Quando a loucura salva a arte
Arthur Bispo usando o "Manto de Apresentação" |
“De médico e louco todo mundo tem um pouco.” Já dizia o Dr. Bacamarte no livro O Alienista, de Machado de Assis. Nesse momento, vamos explorar uma paráfrase. De artista e louco todo mundo tem um pouco.
Não é raro vermos pessoas que desprezam os que são chamados de loucos. No entender da grande maioria, até um pensamento diferente pode ser loucura. Muitos filósofos só foram conhecidos após sua morte, e ainda mais por terem morrido loucos.
Nesse texto, iremos conhecer um pouco de um grande sergipano que passou a maior parte de sua vida internado no hospital psiquiátrico Juliano Moreira, RJ, por mais de 50 anos. Arthur Bispo do Rosário nasceu na cidade de Japaratuba, ano de 1909.
Atualmente, Arthur Bispo que foi marinheiro, pugilista e borracheiro é conhecido como um grande artista, mas em vida foi conhecido como louco (e somente isso). Pouca importância foi concedida às obras do artista quando em vida. Apesar de suas obras serem de uma originalidade fantástica, o artista se negava a ser reconhecido por tal nome. Ele acreditava que sua obra era de caráter divino, sendo sua criação mais conhecida “O Manto de Apresentação” que consistia em um emaranhado de fios, nomes de pessoas, entre muitas outras coisas. Arthur Bispo acreditava que fora enviado do céu, e que usaria seu manto no dia do juízo final, tendo poder pra julgar os vivos e os mortos. Muitos livros já foram escritos sobre a obra desse peculiar artista. Um belo exemplo é o livro (que foi tese de doutoramento) de Marta Dantas Arthur Bispo do Rosário – A poética do delírio, (Unesp, 2009)
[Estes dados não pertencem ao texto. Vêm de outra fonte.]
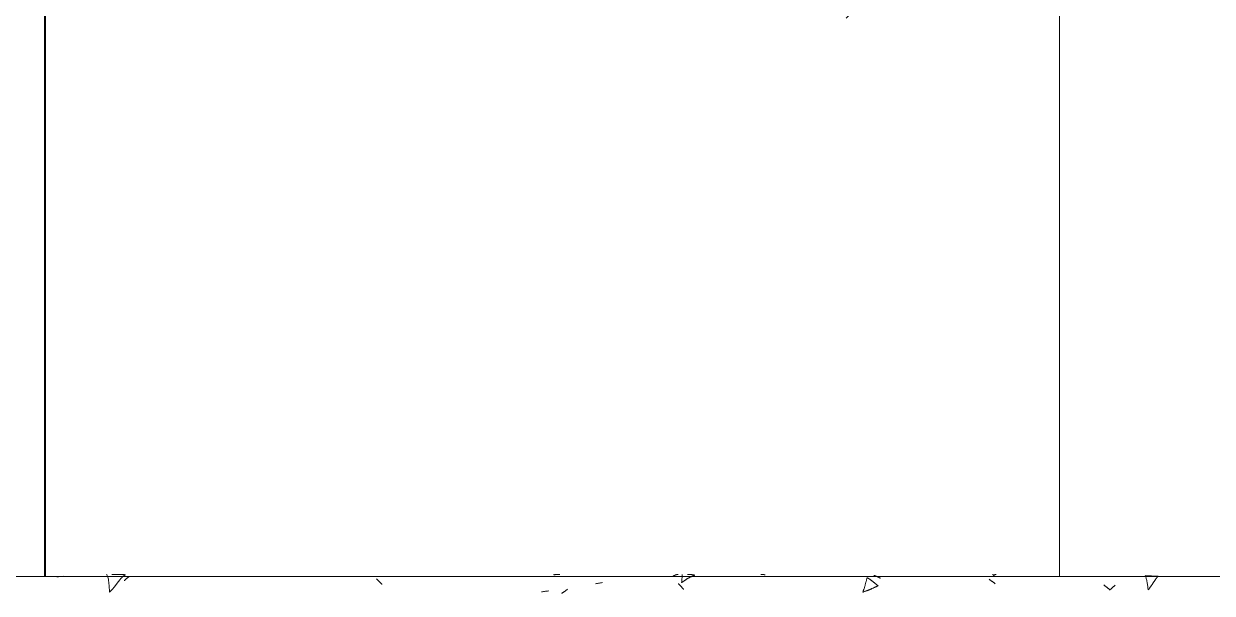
# Model space of a CAD drawing. Header units: millimetres. Extents: x -8482 to 130249, y -7482 to 93550.
# Drawn here: x 27572 to 28968, y -20 to 650 of the extents above; entities that cross this region are included whole.
import ezdxf

# ---------------------------------------------------------------- set-up
doc = ezdxf.new("R2010")
doc.units = ezdxf.units.MM
doc.linetypes.add('Grid Line', pattern=[14, 10, -2, 0, -2])
for name, color, linetype, lineweight in [('CUA', 31, 'Continuous', 9), ('KINH', 152, 'Continuous', 5), ('NET THAY 1', 41, 'Continuous', 5), ('TRUC', 225, 'Continuous', 5)]:
    doc.layers.add(name, color=color, linetype=linetype, lineweight=lineweight)
pattern_1 = [(45.204, (11880.7, 1401.6), (0.002, 2032), [252.7, -2610.8]), (45.204, (11825.9, 1456.7), (0.002, 2032), [252.7, -2610.8]), (45.204, (11750.5, 1325.7), (0.002, 2032), [544.27, -2319.24]), (45.204, (10508.7, 2763), (0.002, 2032), [252.7, -2610.8]), (45.204, (10453.9, 2818.2), (0.002, 2032), [252.7, -2610.8]), (45.204, (10378.6, 2687.1), (0.002, 2032), [544.27, -2319.24])]

# ---------------------------------------------------------------- blocks, each defined once
blk = doc.blocks.new('FP_96-MẶT ĐỨNG TRỤC A-Q')
at = {"layer": 'NET THAY 1', "color": 10}
blk.add_line((31315.6, 0), (22897.6, 0), dxfattribs=at)
at = {"layer": 'NET THAY 1'}
for p, q in [((27617.4, 0), (27616.3, -0.1)), ((27618.6, 0.1), (27617.4, 0)), ((27669.1, 2.2), (27669.5, 1.8)), ((27669.5, 1.8), (27669.9, 1.2)), ((27669.9, 1.2), (27670.2, 0.3)), ((27670.2, 0.3), (27670.6, -0.8)), ((27676.6, 2.3), (27675.4, 2.3)), ((27677.7, 2.3), (27676.6, 2.3)), ((27678.9, 2.3), (27677.7, 2.3)), ((27680, 2.3), (27678.9, 2.3)), ((27681.2, 2.3), (27680, 2.3)), ((27682.3, 2.2), (27681.2, 2.3)), ((27683.5, 2.2), (27682.3, 2.2)), ((27684.6, 2.2), (27683.5, 2.2)), ((27685.7, 2.1), (27684.6, 2.2)), ((27686.9, 2.1), (27685.7, 2.1)), ((27688, 2.1), (27686.9, 2.1)), ((27689.2, 2), (27688, 2.1)), ((27688.6, 0.1), (27688.4, -0.1)), ((27688.8, 0.2), (27688.6, 0.1)), ((27689, 0.4), (27688.8, 0.2)), ((27689.2, 0.6), (27689, 0.4)), ((27690.3, 2), (27689.2, 2)), ((27689.4, 0.7), (27689.2, 0.6)), ((27689.6, 0.9), (27689.4, 0.7)), ((27689.8, 1), (27689.6, 0.9)), ((27690, 1.2), (27689.8, 1)), ((27690.2, 1.3), (27690, 1.2)), ((27690.5, 1.4), (27690.2, 1.3)), ((27691.5, 1.9), (27690.3, 2)), ((27690.7, 1.5), (27690.5, 1.4)), ((27690.9, 1.6), (27690.7, 1.5)), ((27691.1, 1.7), (27690.9, 1.6)), ((27691.3, 1.8), (27691.1, 1.7)), ((27691.5, 1.9), (27691.3, 1.8)), ((28194.5, 1.9), (28194.4, 1.7)), ((28194.8, 1.8), (28194.4, 1.7)), ((28194.6, 2.1), (28194.5, 1.9)), ((28194.7, 2.2), (28194.6, 2.1)), ((28194.8, 2.3), (28194.7, 2.3)), ((28194.7, 2.3), (28194.7, 2.2)), ((28195.2, 1.9), (28194.8, 1.8)), ((28195.7, 1.9), (28195.2, 1.9)), ((28196.1, 2), (28195.7, 1.9)), ((28196.6, 2), (28196.1, 2)), ((28197, 2.1), (28196.6, 2)), ((28197.5, 2.1), (28197, 2.1)), ((28197.9, 2.2), (28197.5, 2.1)), ((28198.4, 2.2), (28197.9, 2.2)), ((28198.8, 2.2), (28198.4, 2.2)), ((28199.3, 2.3), (28198.8, 2.2)), ((28199.7, 2.3), (28199.3, 2.3)), ((28200.2, 2.3), (28199.7, 2.3)), ((28200.6, 2.3), (28200.2, 2.3)), ((28201.1, 2.3), (28200.6, 2.3)), ((28201.5, 2.3), (28201.1, 2.3)), ((28334.9, 0.4), (28334.6, 0.2)), ((28335.1, 0.5), (28334.9, 0.4)), ((28335.4, 0.6), (28335.1, 0.5)), ((28335.6, 0.8), (28335.4, 0.6)), ((28335.9, 0.9), (28335.6, 0.8)), ((28336.1, 1), (28335.9, 0.9)), ((28336.3, 1.1), (28336.1, 1)), ((28336.6, 1.2), (28336.3, 1.1)), ((28336.8, 1.3), (28336.6, 1.2)), ((28337.1, 1.4), (28336.8, 1.3)), ((28337.3, 1.5), (28337.1, 1.4)), ((28337.6, 1.6), (28337.3, 1.5)), ((28337.8, 1.7), (28337.6, 1.6)), ((28338.1, 1.8), (28337.8, 1.7)), ((28338.3, 1.9), (28338.1, 1.8)), ((28338.6, 1.9), (28338.3, 1.9)), ((28338.8, 2), (28338.6, 1.9)), ((28339.1, 2.1), (28338.8, 2)), ((28339.3, 2.1), (28339.1, 2.1)), ((28339.5, 2.2), (28339.3, 2.1)), ((28339.8, 2.2), (28339.5, 2.2)), ((28340, 2.2), (28339.8, 2.2)), ((28340.3, 2.3), (28340, 2.2)), ((28340.5, 2.3), (28340.3, 2.3)), ((28345.4, 0.7), (28345.3, 0)), ((28345.5, 1.7), (28345.4, 1.3)), ((28345.4, 1.3), (28345.4, 0.7)), ((28345.5, 2.3), (28345.5, 2.1)), ((28345.5, 2.1), (28345.5, 1.7)), ((28352, 2.3), (28351.6, 2.3)), ((28352.4, 2.3), (28352, 2.3)), ((28352.9, 2.3), (28352.4, 2.3)), ((28353.3, 2.3), (28352.9, 2.3)), ((28353.7, 2.2), (28353.3, 2.3)), ((28354.2, 2.2), (28353.7, 2.2)), ((28354.6, 2.2), (28354.2, 2.2)), ((28355, 2.1), (28354.6, 2.2)), ((28355.5, 2.1), (28355, 2.1)), ((28355.9, 2.1), (28355.5, 2.1)), ((28356.3, 2), (28355.9, 2.1)), ((28356.8, 2), (28356.3, 2)), ((28356.8, 0), (28356.4, -0.1)), ((28357.2, 1.9), (28356.8, 2)), ((28357.1, 0.2), (28356.8, 0)), ((28357.4, 0.3), (28357.1, 0.2)), ((28357.6, 1.8), (28357.2, 1.9)), ((28357.7, 0.4), (28357.4, 0.3)), ((28358.1, 1.8), (28357.6, 1.8)), ((28358, 0.6), (28357.7, 0.4)), ((28358.3, 0.7), (28358, 0.6)), ((28358.5, 1.7), (28358.1, 1.8)), ((28358.7, 0.8), (28358.3, 0.7)), ((28358.9, 1.6), (28358.5, 1.7)), ((28359, 0.9), (28358.7, 0.8)), ((28359.4, 1.5), (28358.9, 1.6)), ((28359.3, 1), (28359, 0.9)), ((28359.6, 1.2), (28359.3, 1)), ((28359.8, 1.4), (28359.4, 1.5)), ((28359.9, 1.3), (28359.6, 1.2)), ((28360.2, 1.4), (28359.8, 1.4)), ((28360.2, 1.4), (28359.9, 1.3)), ((28438.2, 2.3), (28437.8, 2.3)), ((28438.5, 2.3), (28438.2, 2.3)), ((28438.8, 2.3), (28438.5, 2.3)), ((28439.2, 2.3), (28438.8, 2.3)), ((28439.5, 2.2), (28439.2, 2.3)), ((28439.8, 2.2), (28439.5, 2.2)), ((28440.2, 2.2), (28439.8, 2.2)), ((28440.5, 2.1), (28440.2, 2.2)), ((28440.8, 2.1), (28440.5, 2.1)), ((28441.2, 2), (28440.8, 2.1)), ((28441.5, 2), (28441.2, 2)), ((28441.8, 1.9), (28441.5, 2)), ((28442.2, 1.9), (28441.8, 1.9)), ((28442.5, 1.8), (28442.2, 1.9)), ((28442.8, 1.7), (28442.5, 1.8)), ((28571, 1.1), (28570.6, 1.2)), ((28571.3, 1), (28571, 1.1)), ((28571.7, 0.8), (28571.3, 1)), ((28572, 0.7), (28571.7, 0.8)), ((28572.3, 0.6), (28572, 0.7)), ((28572.7, 0.5), (28572.3, 0.6)), ((28573, 0.3), (28572.7, 0.5)), ((28573.4, 0.2), (28573, 0.3)), ((28573.7, 0), (28573.4, 0.2)), ((28574.1, -0.1), (28573.7, 0)), ((28710.1, 2.3), (28710.4, 2.1)), ((28710.4, 2.1), (28710.7, 1.8)), ((28710.7, 1.8), (28711, 1.4)), ((28711, 1.4), (28711.3, 0.9)), ((28711.5, 1.1), (28711.3, 1)), ((28711.7, 1.2), (28711.5, 1.1)), ((28711.8, 1.4), (28711.7, 1.2)), ((28712, 1.5), (28711.8, 1.4)), ((28712.2, 1.6), (28712, 1.5)), ((28712.4, 1.7), (28712.2, 1.6)), ((28712.6, 1.8), (28712.4, 1.7)), ((28712.8, 1.9), (28712.6, 1.8)), ((28712.9, 2), (28712.8, 1.9)), ((28713.1, 2.1), (28712.9, 2)), ((28713.3, 2.1), (28713.1, 2.1)), ((28713.5, 2.2), (28713.3, 2.1)), ((28713.7, 2.2), (28713.5, 2.2)), ((28713.9, 2.3), (28713.7, 2.2)), ((28714, 2.3), (28713.9, 2.3)), ((28714.2, 2.3), (28714, 2.3)), ((28714.4, 2.3), (28714.2, 2.3)), ((28891.2, 0.8), (28889.3, 0.9)), ((28889.3, 0.9), (28889.6, 0.4)), ((28889.6, 0.4), (28889.8, -0.3)), ((28893.1, 0.7), (28891.2, 0.8)), ((28895, 0.6), (28893.1, 0.7)), ((28896.9, 0.5), (28895, 0.6)), ((28898.8, 0.4), (28896.9, 0.5)), ((28900.7, 0.3), (28898.8, 0.4)), ((28902.6, 0.2), (28900.7, 0.3)), ((28904.5, 0.1), (28902.6, 0.2)), ((28904.5, 0.1), (28904.3, -0.1)), ((27611.6, -0.6), (27610.5, -0.7)), ((27612.8, -0.5), (27611.6, -0.6)), ((27614, -0.3), (27612.8, -0.5)), ((27615.1, -0.2), (27614, -0.3)), ((27616.3, -0.1), (27615.1, -0.2)), ((27670.6, -0.8), (27670.9, -2.1)), ((27670.9, -2.1), (27671.2, -3.5)), ((27671.2, -3.5), (27671.5, -5.1)), ((27671.5, -5.1), (27671.7, -6.8)), ((27671.7, -6.8), (27671.9, -8.6)), ((27671.9, -8.6), (27672.1, -10.3)), ((27672.1, -10.3), (27672.2, -12.1)), ((27672.2, -12.1), (27672.3, -13.9)), ((27672.3, -13.9), (27672.4, -15.5)), ((27676.9, -14), (27676.7, -14.2)), ((27677.2, -13.7), (27676.9, -14)), ((27677.4, -13.4), (27677.2, -13.7)), ((27677.7, -13.1), (27677.4, -13.4)), ((27677.9, -12.8), (27677.7, -13.1)), ((27678.2, -12.5), (27677.9, -12.8)), ((27678.4, -12.2), (27678.2, -12.5)), ((27678.7, -11.8), (27678.4, -12.2)), ((27678.9, -11.5), (27678.7, -11.8)), ((27679.1, -11.2), (27678.9, -11.5)), ((27679.4, -10.9), (27679.1, -11.2)), ((27679.6, -10.6), (27679.4, -10.9)), ((27679.9, -10.3), (27679.6, -10.6)), ((27680.1, -10), (27679.9, -10.3)), ((27680.3, -9.7), (27680.1, -10)), ((27680.6, -9.4), (27680.3, -9.7)), ((27680.8, -9.1), (27680.6, -9.4)), ((27681.1, -8.8), (27680.8, -9.1)), ((27681.3, -8.4), (27681.1, -8.8)), ((27681.5, -8.1), (27681.3, -8.4)), ((27681.8, -7.8), (27681.5, -8.1)), ((27682, -7.5), (27681.8, -7.8)), ((27682.2, -7.2), (27682, -7.5)), ((27682.5, -6.9), (27682.2, -7.2)), ((27682.7, -6.6), (27682.5, -6.9)), ((27682.9, -6.3), (27682.7, -6.6)), ((27683.1, -6), (27682.9, -6.3)), ((27683.4, -5.7), (27683.1, -6)), ((27683.6, -5.5), (27683.4, -5.7)), ((27683.8, -5.2), (27683.6, -5.5)), ((27684, -4.9), (27683.8, -5.2)), ((27684.3, -4.6), (27684, -4.9)), ((27684.5, -4.3), (27684.3, -4.6)), ((27684.7, -4.1), (27684.5, -4.3)), ((27684.9, -3.8), (27684.7, -4.1)), ((27685.2, -3.5), (27684.9, -3.8)), ((27685.4, -3.3), (27685.2, -3.5)), ((27685.6, -3), (27685.4, -3.3)), ((27685.8, -2.7), (27685.6, -3)), ((27686, -2.5), (27685.8, -2.7)), ((27686.2, -2.3), (27686, -2.5)), ((27686.5, -2), (27686.2, -2.3)), ((27686.7, -1.8), (27686.5, -2)), ((27686.9, -1.6), (27686.7, -1.8)), ((27687.1, -1.3), (27686.9, -1.6)), ((27687.3, -1.1), (27687.1, -1.3)), ((27687.5, -0.9), (27687.3, -1.1)), ((27687.7, -0.7), (27687.5, -0.9)), ((27688, -0.5), (27687.7, -0.7)), ((27688.2, -0.3), (27688, -0.5)), ((27688.4, -0.1), (27688.2, -0.3)), ((27690.1, -4.7), (27689.9, -5)), ((27690.4, -4.5), (27690.1, -4.7)), ((27690.6, -4.3), (27690.4, -4.5)), ((27690.9, -4), (27690.6, -4.3)), ((27691.2, -3.8), (27690.9, -4)), ((27691.4, -3.6), (27691.2, -3.8)), ((27691.7, -3.4), (27691.4, -3.6)), ((27691.9, -3.2), (27691.7, -3.4)), ((27692.2, -2.9), (27691.9, -3.2)), ((27692.5, -2.7), (27692.2, -2.9)), ((27692.7, -2.5), (27692.5, -2.7)), ((27693, -2.3), (27692.7, -2.5)), ((27693.2, -2.1), (27693, -2.3)), ((27693.5, -1.9), (27693.2, -2.1)), ((27693.7, -1.7), (27693.5, -1.9)), ((27694, -1.5), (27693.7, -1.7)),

Arthur Bispo foi diagnosticado com “esquizofrenia paranóica”, em pesquisas feitas sobre a obra do artista, é possível percebermos o quão grande é a visão dele sobre a humanidade. Muitos interpretam que a junção de várias coisas em suas obras era a vontade que ele tinha de ajudar as pessoas. Arthur Bispo gostava de dizer que era ‘filho de Deus e nascido da Virgem Maria’, quando perguntado sobre sua origem dizia: ‘Um dia, eu simplesmente apareci’. Desprezava origens e culturas de determinado grupo.
Se Drummond dizia encontrar poesia em tudo, Arthur Bispo encontrava arte em todos os objetos. A maioria era do lixo do hospital que esteve. Lixo esse que serviu para uma criação inédita, que muito artistas lúcidos não conseguiram com seus “materiais de burguesia”. Suas obras ganharam notoriedade internacional, sendo expostas na ambicionada Bienal de Veneza, na Itália e Museu Jeu de Paume, em Paris. Também esteve em muitos outros países e em vários destaques no Brasil, a exemplo da 30ª Bienal de São Paulo.
O artista morreu em 1989 com 80 anos, vítima de infarto. Sua obra deixou um grande tesouro, não só nos objetos, mas na forma de pensar a realidade. “Quando eu subir, os céus se abrirão e vai recomeçar a contagem do mundo. Vou nessa nave, com esse manto e essas miniaturas que representam a existência. Vou me apresentar.” Arthur Bispo do Rosário.